A Mosque Perhaps, but a Swimming Pool?

Whether a mosque should be built so near the site is debatable, but to build a swimming pool -- where one is meant to come play and frolic -- smacks of gross insensitivity or worse yet, triumphalism.
This post was published on the now-closed HuffPost Contributor platform. Contributors control their own work and posted freely to our site. If you need to flag this entry as abusive, send us an email.

Much will have been written about the Mosque at Ground Zero both for and against. And yet little touches upon the planned usage of the Islamic Center. Along with a prayer hall the facility will include a swimming pool, a 500-seat performing arts theater and a basketball court. In other words something far removed from a religious chapel where individuals can come and pray and render reverential homage to the events that unfolded on and about that site.

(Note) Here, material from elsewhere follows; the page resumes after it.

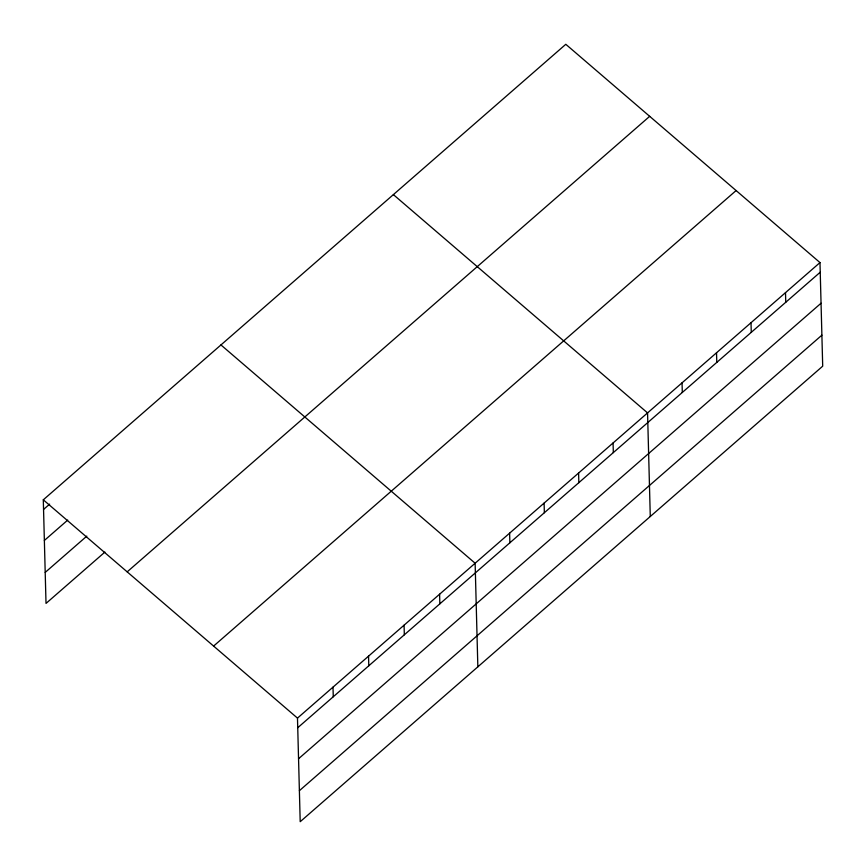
<?xml version="1.0" encoding="UTF-8"?>
<svg xmlns="http://www.w3.org/2000/svg" width="866" height="866" viewBox="0 0 866 866"><rect width="100%" height="100%" fill="white"/><g stroke="black" fill="none" stroke-linecap="round" stroke-linejoin="round"><path stroke-width="1.3" d="M43.3 499.823L565.801 44.296L819.983 262.582L822.7 366.177L300.199 821.704L297.482 718.109L43.3 499.823L46.017 603.418L104.894 552.086M43.549 509.446L49.643 504.131M44.361 540.46L67.71 520.098M45.205 572.404L86.817 536.119M127.183 571.852L649.684 116.325M213.599 646.079L736.111 190.552M297.482 718.109L819.983 262.582M297.742 727.732L820.243 272.205M298.554 758.746L821.055 303.219M299.387 790.69L821.888 335.164M393.38 194.623L647.562 412.909L650.279 516.504M220.949 344.939L475.131 563.236L477.848 666.831M785.505 292.654L785.754 302.277M751.017 322.715L751.266 332.338M716.528 352.776L716.788 362.399M682.051 382.848L682.3 392.471M613.074 442.97L613.323 452.593M578.596 473.042L578.845 482.665M544.108 503.103L544.357 512.726M509.619 533.164L509.868 542.787M439.603 594.206L439.852 603.829M404.076 625.187L404.325 634.81M368.548 656.157L368.797 665.781M333.009 687.139L333.269 696.762"/></g></svg>

Two blocks from Ground Zero. I happened to have been on the street eight blocks from the first tower that was hit that fateful morning. I clearly remember everyone running to the middle of the street to see what was happening. There was this enormous gash on the facade of the north tower, with smoke pouring out and people on the street hysterically screaming that a plane had crashed into the side of the tower. And then to accentuate the horror, people on the upper and neighboring floors gesturing out of windows 70 or 80 stories up, waving their jackets or whatever they could in desperate urgency to attract attention and help. And those of us on the ground watching the fire broaden already knew it was hopeless.

Around my wife and me were men and women huddled together, dazed, some crying at the horror of it all. No one quite knew what was happening. And then the second plane flew in and crashed into the façade of the south tower and the convulsing fear that we were under attack came over all of us.

Transfixed we watched the fires grow, the sirens around us blaring. We were witnessing the horror of those in the towers trying to make some kind of contact, trapped in the engulfing flames, and for some that we could see, an act of unthinkable and final desperation. And then not long after in a cloud of dense smoke and amid the screams of people on the street the south tower began to collapse. All in any proximity to the slow motion crumbling ot the tower started running as fast and as far as they could in total panic and disbelief, "this really couldn't be happening" knowing it was real. All too real.

Afterward the clouds of dust and grime filled the neighborhood. Those from the towers themselves that were able to save themselves stumbled through the streets, dust laden, gasping. Some passed us by with the firm helping the injured. It was a scene of utter desperation and horror exacerbated hundred fold when the second tower began to buckle and went down. The devastation was captured in that extraordinary tome "Here is New York" incorporating photos of pictures taken by those at the scene including a few of my own.

For weeks and months thereafter the site of the destruction and the surrounding streets and neighborhood became a ghost town for all except the emergency workers and those few residents who chose or had no alternative but to stay in the choking air and turbulence of what had become a bomb site. The photos of the missing were posted all over, posted by families in the hope of learning something, anything of the fate of their loved ones.

And yet, after it happened, this heinous crime was celebrated in some parts of the world. While elsewhere in the world there was compassion and shared sadness with the horror and the loss of so many innocent lives. From most everywhere came offers of help and condolence.

Given the trauma of the event. Given the rawness still of that moment not only to the city, the nation and most especially the thousands of families directly impacted who feel its pain every day and will continue to to the end of their lives, one needs ask what is now appropriate.

Whether a mosque built in memoriam as a chapel of respect and prayer so near to the site of the event would be welcome given the religious roots of the attack is debatable, and perhaps best left to those victims most directly impacted to decide. One could well imagine such a shrine to the loss and horror of that day and time would be a gesture of reconciliation appreciated and respected by many if not all.

But to build a swimming pool, a theater, where one is meant to come play and frolic, to be entertained at the very site where thousands of Americans horrifically lost their lives smacks of gross insensitivity or worse yet, triumphalism. No one doubts that it is the right in this country of every religion to build a house of worship, but to build an entertainment center under the guise of 'community center', and 'religous freedom' is a canard that should be seen for what it is. And it borders on the ugly in its insensitivity, and dangerous given how these 'community centers' have been used to radicalize adherents to the faith in nations throughout the world, especially in those countries with their open societies that have been welcoming under the tenets of communal citizenship and religous rights.

We all need pray that God gives us the ability to deal wisely in this matter.